Outras testemunhas também serão chamadas para prestar depoimento. A polícia também ouvirá o investigado de cometer a agressão e a possível injúria racial.
O vídeo da agressão, obtido pelo g1, mostra que Vitor Feitosa, um homem negro de camisa regata vermelha, gorro preto, bermuda e uma bolsa vermelha, se aproxima de um homem de blazer cinza.
De acordo com Vitor, ele tinha buscado o filho de 3 anos na creche, que é perto do shopping, e estava procurando o banheiro familiar.
Ele afirma que abordou o homem porque ele também estava acompanhado de outra criança. Quando o ator conversa com o homem, após alguns segundos de conversa, a cabeçada acontece.

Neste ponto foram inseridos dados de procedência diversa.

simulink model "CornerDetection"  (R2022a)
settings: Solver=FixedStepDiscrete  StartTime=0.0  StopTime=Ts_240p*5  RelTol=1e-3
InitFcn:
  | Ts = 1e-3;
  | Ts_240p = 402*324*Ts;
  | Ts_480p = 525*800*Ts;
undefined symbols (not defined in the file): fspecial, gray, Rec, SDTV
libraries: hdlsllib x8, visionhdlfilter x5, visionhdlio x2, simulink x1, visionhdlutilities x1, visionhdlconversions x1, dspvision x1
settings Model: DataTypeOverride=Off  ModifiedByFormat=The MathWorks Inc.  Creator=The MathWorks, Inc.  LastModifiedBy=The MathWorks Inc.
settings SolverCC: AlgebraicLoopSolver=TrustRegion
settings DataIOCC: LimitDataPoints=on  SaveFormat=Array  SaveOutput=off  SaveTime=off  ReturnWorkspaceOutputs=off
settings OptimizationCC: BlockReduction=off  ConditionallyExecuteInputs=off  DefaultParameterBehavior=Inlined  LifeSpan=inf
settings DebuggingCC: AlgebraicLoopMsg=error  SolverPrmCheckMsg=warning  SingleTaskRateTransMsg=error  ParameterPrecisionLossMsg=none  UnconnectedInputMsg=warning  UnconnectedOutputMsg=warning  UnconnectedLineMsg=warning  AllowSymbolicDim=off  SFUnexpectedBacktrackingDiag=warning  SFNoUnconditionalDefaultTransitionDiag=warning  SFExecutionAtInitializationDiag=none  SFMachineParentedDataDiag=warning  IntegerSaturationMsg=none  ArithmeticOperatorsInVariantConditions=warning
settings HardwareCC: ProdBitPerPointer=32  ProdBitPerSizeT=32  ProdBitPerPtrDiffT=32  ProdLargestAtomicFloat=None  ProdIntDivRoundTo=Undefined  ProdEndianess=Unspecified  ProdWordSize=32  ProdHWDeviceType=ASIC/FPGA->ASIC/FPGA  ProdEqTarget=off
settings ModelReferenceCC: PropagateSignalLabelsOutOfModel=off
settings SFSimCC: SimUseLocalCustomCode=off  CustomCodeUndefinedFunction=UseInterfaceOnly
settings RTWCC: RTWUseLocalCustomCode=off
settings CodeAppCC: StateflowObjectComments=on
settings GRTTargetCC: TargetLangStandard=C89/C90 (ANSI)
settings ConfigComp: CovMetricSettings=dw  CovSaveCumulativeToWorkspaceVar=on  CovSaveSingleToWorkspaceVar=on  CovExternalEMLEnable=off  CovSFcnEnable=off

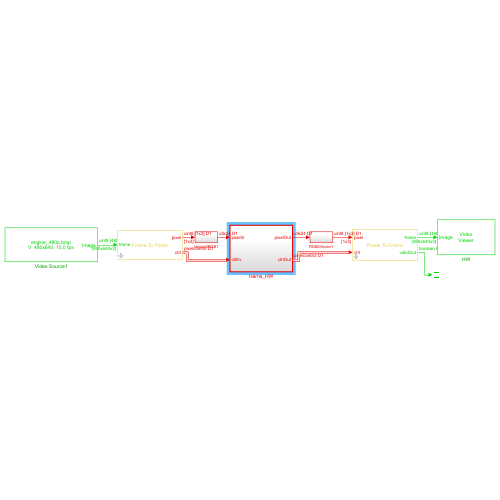
[thumbnail: Simulink's stored preview of the top-level diagram]
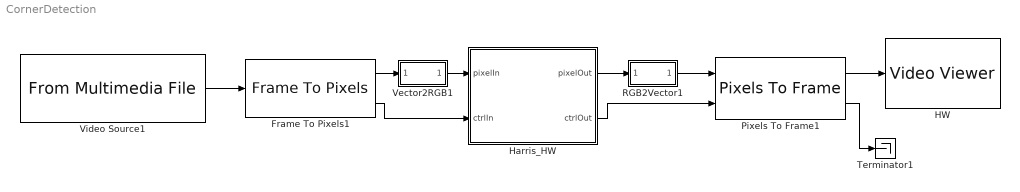
== system CornerDetection ==
  Frame To Pixels1 : visionhdlio/Frame To Pixels  NumComponents=3  NumPixels=1  VideoFormat=480p  ActivePixelsPerLine=640  ActiveVideoLines=480  TotalPixelsPerLine=800  TotalVideoLines=525  StartingActiveLine=36  FrontPorch=16  SampleTime=0  VideoFormatCache=480p  ActivePixelsPerLineCache=32  ActiveVideoLinesCache=18  TotalPixelsPerLineCache=42  TotalVideoLinesCache=28  StartingActiveLineCache=6  FrontPorchCache=5
      settings: SourceProductBaseCode=VT
  HW : VideoViewer  colormapValue=gray(256)  FigPos=[834 788 688 515]
  Harris_HW : Subsystem  TreatAsAtomicUnit=on
  Pixels To Frame1 : visionhdlio/Pixels To Frame  NumComponents=3  NumPixels=1  VideoFormat=480p  ActivePixelsPerLine=640  ActiveVideoLines=480  TotalPixelsPerLine=800  TotalVideoLines=525  VideoFormatCache=480p  ActivePixelsPerLineCache=32  ActiveVideoLinesCache=18  TotalPixelsPerLineCache=42  TotalVideoLinesCache=28
      settings: SourceProductBaseCode=VT
  RGB2Vector1 : Subsystem
  Terminator1 : Terminator
  Vector2RGB1 : Subsystem
  Video Source1 : dspvision/From Multimedia File  inputFilename=D:\datasets\test_images\engine_480p.bmp  readRange=[1 Inf]  loop=on  numPlays=inf  outputStreams=Video only  videoDataType=uint8  audioDataType=int16  inheritSampleTime=off  userDefinedSampleTime=1/15  noAudioOutput=off  isIntensityVideo=off  fourcc=RGB  colorVideoFormat=One multidimensional signal  outputEOF=off  dataOrg=Column-major  audioFrameSize=1024  computeAudioFrameSize=off  outSamplingMode=Sample based
  wires:
  Harris_HW/1(pixelOut) -> RGB2Vector1/1(RGB)
  RGB2Vector1/1(RGBVector) -> Pixels To Frame1/1
  Pixels To Frame1/2 -> Terminator1/1
  Frame To Pixels1/2 -> Harris_HW/2(ctrlIn)
  Harris_HW/2(ctrlOut) -> Pixels To Frame1/2
  Frame To Pixels1/1 -> Vector2RGB1/1(RGBVector)
  Vector2RGB1/1(RGB) -> Harris_HW/1(pixelIn)
  Video Source1/1 -> Frame To Pixels1/1
  Pixels To Frame1/1 -> HW/1

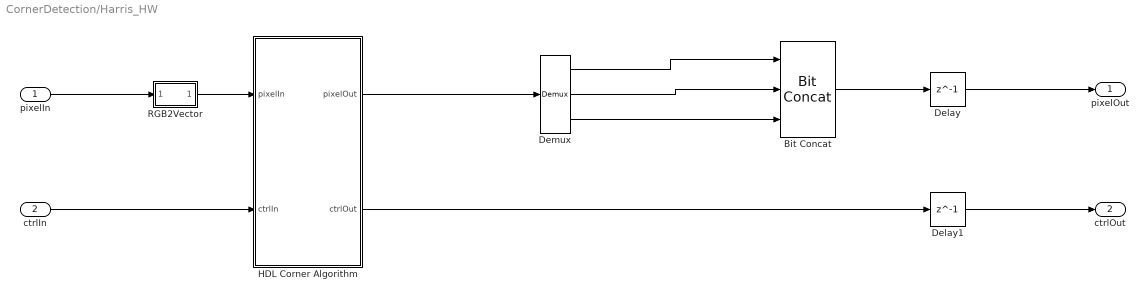
== system CornerDetection/Harris_HW ==
  pixelIn : Inport
  ctrlIn : Inport  Port=2
  Bit Concat : hdlsllib/Logic and Bit Operations/Bit Concat  numInputs=3
  Delay : Delay  DelayLength=1  InitialCondition=0
  Delay1 : Delay  DelayLength=1  InitialCondition=0
  Demux : Demux  Outputs=3
  HDL Corner Algorithm : Subsystem  TreatAsAtomicUnit=on
  RGB2Vector : Subsystem
  pixelOut : Outport  VectorParamsAs1DForOutWhenUnconnected=off
  ctrlOut : Outport  Port=2  VectorParamsAs1DForOutWhenUnconnected=off
  wires:
  ctrlIn/1 -> HDL Corner Algorithm/2(ctrlIn)
  pixelIn/1 -> RGB2Vector/1(RGB)
  RGB2Vector/1(RGBVector) -> HDL Corner Algorithm/1(pixelIn)
  Bit Concat/1 -> Delay/1
  HDL Corner Algorithm/2(ctrlOut) -> Delay1/1
  HDL Corner Algorithm/1(pixelOut) -> Demux/1
  Demux/1 -> Bit Concat/1
  Demux/2 -> Bit Concat/2
  Demux/3 -> Bit Concat/3
  Delay/1 -> pixelOut/1
  Delay1/1 -> ctrlOut/1

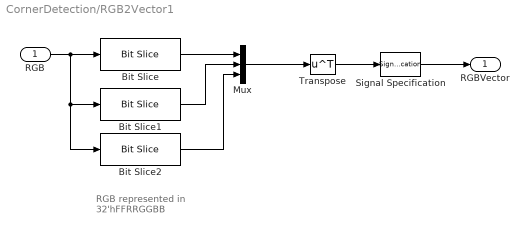
== system CornerDetection/RGB2Vector1 ==
  note: RGB represented in
      | 32'hFFRRGGBB
  RGB : Inport
  Bit Slice : hdlsllib/Logic and Bit Operations/Bit Slice  lidx=23  ridx=16
      settings: SourceProductBaseCode=SL
  Bit Slice1 : hdlsllib/Logic and Bit Operations/Bit Slice  lidx=15  ridx=8
      settings: SourceProductBaseCode=SL
  Bit Slice2 : hdlsllib/Logic and Bit Operations/Bit Slice  lidx=7  ridx=0
      settings: SourceProductBaseCode=SL
  Mux : Mux  Inputs=3
  Signal Specification : SignalSpecification
  Transpose : Math  Operator=transpose  SignedPower=on
  RGBVector : Outport  VectorParamsAs1DForOutWhenUnconnected=off
  wires:
  Mux/1 -> Transpose/1
  Bit Slice/1 -> Mux/1
  Bit Slice2/1 -> Mux/3
  Bit Slice1/1 -> Mux/2
  RGB/1 -> Bit Slice2/1, Bit Slice1/1, Bit Slice/1
  Transpose/1 -> Signal Specification/1
  Signal Specification/1 -> RGBVector/1

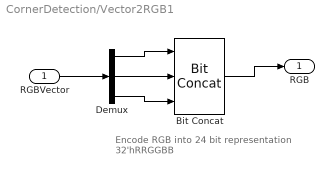
== system CornerDetection/Vector2RGB1 ==
  note: Encode RGB into 24 bit representation
      | 32'hRRGGBB
  RGBVector : Inport
  Bit Concat : hdlsllib/Logic and Bit Operations/Bit Concat  numInputs=3
  Demux : Demux  Outputs=3
  RGB : Outport  VectorParamsAs1DForOutWhenUnconnected=off
  wires:
  Bit Concat/1 -> RGB/1
  RGBVector/1 -> Demux/1
  Demux/1 -> Bit Concat/1
  Demux/2 -> Bit Concat/2
  Demux/3 -> Bit Concat/3

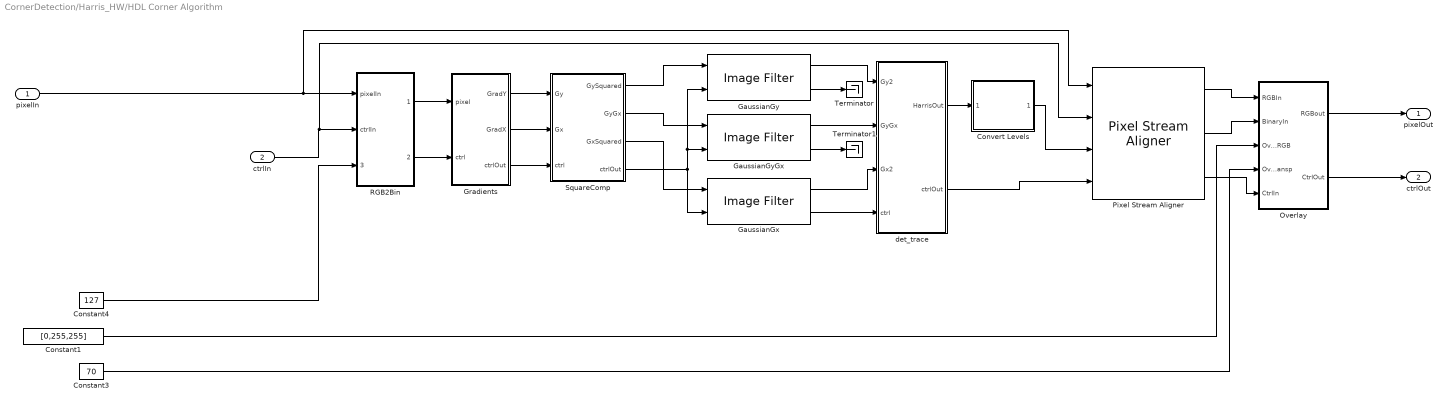
== system CornerDetection/Harris_HW/HDL Corner Algorithm ==
  pixelIn : Inport
  ctrlIn : Inport  Port=2
  Constant1 : Constant  Value=[0,255,255]  VectorParams1D=off  OutDataTypeStr=uint8  SampleTime=-1
  Constant3 : Constant  Value=70  OutDataTypeStr=uint8  SampleTime=-1
  Constant4 : Constant  Value=127  OutDataTypeStr=uint8  SampleTime=-1
  Convert Levels : Subsystem
  GaussianGx : visionhdlfilter/Image Filter  CoefficientsSource=Property  Coefficients=fspecial('gaussian',[5,5],1.5)  PaddingMethod=Constant  PaddingValue=0  LineBufferSize=1024  SimulateUsing=Code generation  roundingMode=Floor  overflowMode=off  CoeffDataTypeStr=fixdt(1,18,21)  CoeffMin=[]  CoeffMax=[]  OutputMin=[]  OutputMax=[]
      settings: SourceProductBaseCode=VT
  GaussianGy : visionhdlfilter/Image Filter  CoefficientsSource=Property  Coefficients=fspecial('gaussian',[5,5],1.5)  PaddingMethod=Constant  PaddingValue=0  LineBufferSize=1024  SimulateUsing=Code generation  roundingMode=Floor  overflowMode=off  CoeffDataTypeStr=fixdt(1,18,21)  CoeffMin=[]  CoeffMax=[]  OutputMin=[]  OutputMax=[]
      settings: SourceProductBaseCode=VT
  GaussianGyGx : visionhdlfilter/Image Filter  CoefficientsSource=Property  Coefficients=fspecial('gaussian',[5,5],1.5)  PaddingMethod=Constant  PaddingValue=0  LineBufferSize=1024  SimulateUsing=Code generation  roundingMode=Floor  overflowMode=off  CoeffDataTypeStr=fixdt(1,18,21)  CoeffMin=[]  CoeffMax=[]  OutputMin=[]  OutputMax=[]
      settings: SourceProductBaseCode=VT
  Gradients : Subsystem
  Overlay : Subsystem
  Pixel Stream Aligner : visionhdlutilities/Pixel Stream Aligner  LineBufferSize=1024  MaximumNumberOfLines=10  SimulateUsing=Code generation
      settings: SourceProductBaseCode=VT
  RGB2Bin : Subsystem
  SquareComp : Subsystem
  Terminator : Terminator
  Terminator1 : Terminator
  det_trace : Subsystem
  pixelOut : Outport  VectorParamsAs1DForOutWhenUnconnected=off
  ctrlOut : Outport  Port=2  VectorParamsAs1DForOutWhenUnconnected=off
  wires:
  Constant4/1 -> RGB2Bin/3(SliceLevel)
  RGB2Bin/2(ctrlOut) -> Gradients/2(ctrl)
  RGB2Bin/1(pixelOut) -> Gradients/1(pixel)
  det_trace/1(HarrisOut) -> Convert Levels/1(HarrisIn)
  Constant3/1 -> Overlay/4(OverlayTransp)
  Gradients/3(ctrlOut) -> SquareComp/3(ctrl)
  Gradients/2(GradX) -> SquareComp/2(Gx)
  Gradients/1(GradY) -> SquareComp/1(Gy)
  ctrlIn/1 -> Pixel Stream Aligner/2, RGB2Bin/2(ctrlIn)
  GaussianGx/2 -> det_trace/4(ctrl)
  GaussianGx/1 -> det_trace/3(Gx2)
  GaussianGyGx/1 -> det_trace/2(GyGx)
  GaussianGy/1 -> det_trace/1(Gy2)
  SquareComp/3(GxSquared) -> GaussianGx/1
  SquareComp/2(GyGx) -> GaussianGyGx/1
  SquareComp/1(GySquared) -> GaussianGy/1
  SquareComp/4(ctrlOut) -> GaussianGx/2, GaussianGy/2, GaussianGyGx/2
  GaussianGyGx/2 -> Terminator1/1
  GaussianGy/2 -> Terminator/1
  Pixel Stream Aligner/1 -> Overlay/1(RGBIn)
  Pixel Stream Aligner/2 -> Overlay/2(BinaryIn)
  Pixel Stream Aligner/3 -> Overlay/5(CtrlIn)
  Constant1/1 -> Overlay/3(OverlayRGB)
  pixelIn/1 -> Pixel Stream Aligner/1, RGB2Bin/1(pixelIn)
  Convert Levels/1(PixelOut) -> Pixel Stream Aligner/3
  det_trace/2(ctrlOut) -> Pixel Stream Aligner/4
  Overlay/1(RGBout) -> pixelOut/1
  Overlay/2("CtrlOut ") -> ctrlOut/1

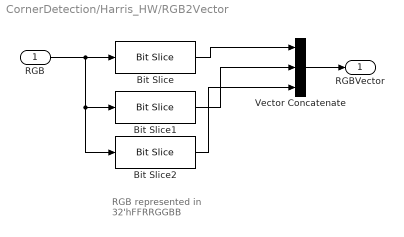
== system CornerDetection/Harris_HW/RGB2Vector ==
  note: RGB represented in
      | 32'hFFRRGGBB
  RGB : Inport
  Bit Slice : hdlsllib/Logic and Bit Operations/Bit Slice  lidx=23  ridx=16
      settings: SourceProductBaseCode=SL
  Bit Slice1 : hdlsllib/Logic and Bit Operations/Bit Slice  lidx=15  ridx=8
      settings: SourceProductBaseCode=SL
  Bit Slice2 : hdlsllib/Logic and Bit Operations/Bit Slice  lidx=7  ridx=0
      settings: SourceProductBaseCode=SL
  Vector Concatenate : Concatenate  NumInputs=3  Mode=Multidimensional array  ConcatenateDimension=2
  RGBVector : Outport  VectorParamsAs1DForOutWhenUnconnected=off
  wires:
  Bit Slice/1 -> Vector Concatenate/1
  Bit Slice2/1 -> Vector Concatenate/3
  Bit Slice1/1 -> Vector Concatenate/2
  RGB/1 -> Bit Slice2/1, Bit Slice1/1, Bit Slice/1
  Vector Concatenate/1 -> RGBVector/1

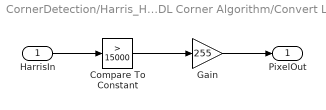
== system CornerDetection/Harris_HW/HDL Corner Algorithm/Convert Levels ==
  HarrisIn : Inport
  Compare To Constant : simulink/Logic and Bit Operations/Compare To Constant  relop=>  const=15000  OutDataTypeStr=uint8
  Gain : Gain  Gain=255  OutDataTypeStr=uint8
  PixelOut : Outport  VectorParamsAs1DForOutWhenUnconnected=off
  wires:
  Gain/1 -> PixelOut/1
  HarrisIn/1 -> Compare To Constant/1
  Compare To Constant/1 -> Gain/1

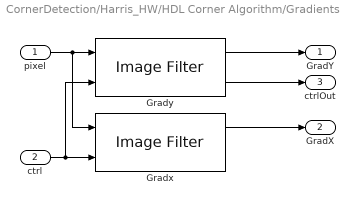
== system CornerDetection/Harris_HW/HDL Corner Algorithm/Gradients ==
  pixel : Inport
  ctrl : Inport  Port=2
  Gradx : visionhdlfilter/Image Filter  CoefficientsSource=Property  Coefficients=[0,0,0;1, 0,-1;0,0,0]  PaddingMethod=Replicate  PaddingValue=0  LineBufferSize=1024  SimulateUsing=Code generation  roundingMode=Floor  overflowMode=off  CoeffDataTypeStr=fixdt(1,2,0)  CoeffMin=[]  CoeffMax=[]  OutputDataTypeStr=fixdt(1,9,0)  OutputMin=[]  OutputMax=[]
      settings: SourceProductBaseCode=VT
  Grady : visionhdlfilter/Image Filter  CoefficientsSource=Property  Coefficients=[0,1,0; 0,0,0; 0,-1,0]  PaddingMethod=Replicate  PaddingValue=0  LineBufferSize=1024  SimulateUsing=Code generation  roundingMode=Floor  overflowMode=off  CoeffDataTypeStr=fixdt(1,2,0)  CoeffMin=[]  CoeffMax=[]  OutputDataTypeStr=fixdt(1,9,0)  OutputMin=[]  OutputMax=[]
      settings: SourceProductBaseCode=VT
  GradY : Outport  VectorParamsAs1DForOutWhenUnconnected=off
  GradX : Outport  Port=2  VectorParamsAs1DForOutWhenUnconnected=off
  ctrlOut : Outport  Port=3  VectorParamsAs1DForOutWhenUnconnected=off
  wires:
  Grady/2 -> ctrlOut/1
  Gradx/1 -> GradX/1
  ctrl/1 -> Gradx/2, Grady/2
  pixel/1 -> Grady/1, Gradx/1
  Grady/1 -> GradY/1

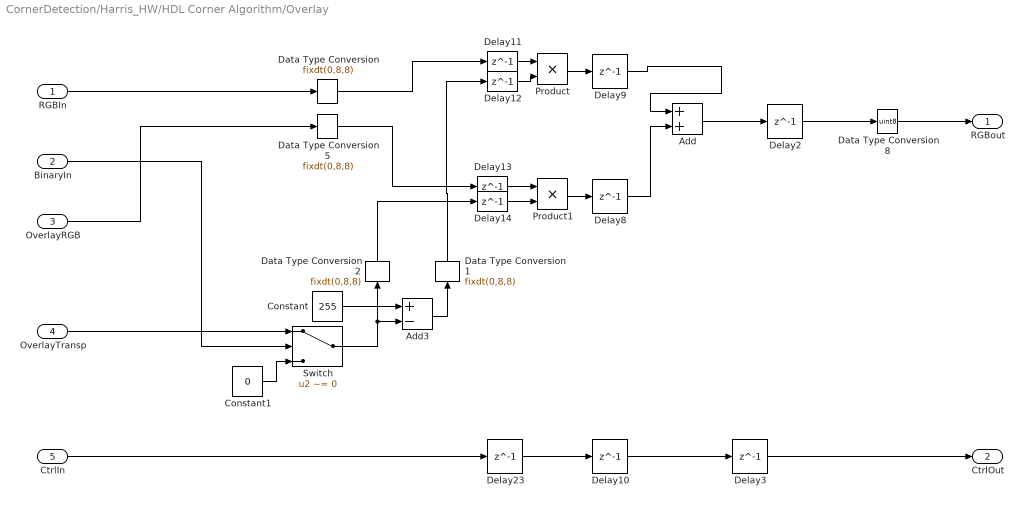
== system CornerDetection/Harris_HW/HDL Corner Algorithm/Overlay ==
  RGBIn : Inport
  BinaryIn : Inport  Port=2
  OverlayRGB : Inport  Port=3
  OverlayTransp : Inport  Port=4
  CtrlIn : Inport  Port=5
  Add : Sum  OutDataTypeStr=fixdt(0,8,8)
  Add3 : Sum  Inputs=+-  OutDataTypeStr=uint8
  Constant : Constant  Value=255  OutDataTypeStr=uint8  SampleTime=-1
  Constant1 : Constant  Value=0  OutDataTypeStr=uint8  SampleTime=-1
  Data Type Conversion{,1..2,5} (4 alike) : DataTypeConversion  OutDataTypeStr=fixdt(0,8,8)  ConvertRealWorld=Stored Integer (SI)  SaturateOnIntegerOverflow=off  RndMeth=Floor
  Data Type Conversion8 : DataTypeConversion  OutDataTypeStr=uint8  ConvertRealWorld=Stored Integer (SI)  SaturateOnIntegerOverflow=off  RndMeth=Floor
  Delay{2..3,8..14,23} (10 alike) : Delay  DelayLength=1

O g1 entrou em contato com Fernando Luiz Prado de Moura, que foi identificado pela Polícia Civil como autor da agressão, e aguardava uma resposta até a última atualização desta reportagem.
Na delegacia, ele permaneceu em silêncio e exerceu o direito de se manifestar apenas em juízo.
“Racismo velado”, diz ator
O caso, revelado pelo g1, aconteceu no dia 23 de junho, pouco antes das 18h. Segundo o ator, o homem que o agrediu teria interpretado que ele estava pedindo dinheiro.
“Assim que pedi a informação, a resposta dele foi imediata e violenta: disse que não me daria dinheiro, mandou que eu sumisse dali com meu filho e, em seguida, me agrediu com uma cabeçada no rosto”, relatou Vitor.
Vitor, que é negro, acredita que o homem não teria cometido a agressão se a mesma pergunta tivesse sido feita por uma pessoa branca.
“Diante da minha indignação, ele passou a repetir, com total arrogância, que ‘não daria em nada’ porque eu não sabia quem ele era, e que eu ‘não era ninguém’”, relata o rapaz.
Para Vitor, o fato de o homem ter dito que não daria dinheiro, sem que ele tivesse pedido, foi uma manifestação de racismo velado.
“Eu me senti invadido, fiquei muito triste em pensar o que meu filho poderia estar formando na mente dele, mesmo sendo pequeno”, desabafa.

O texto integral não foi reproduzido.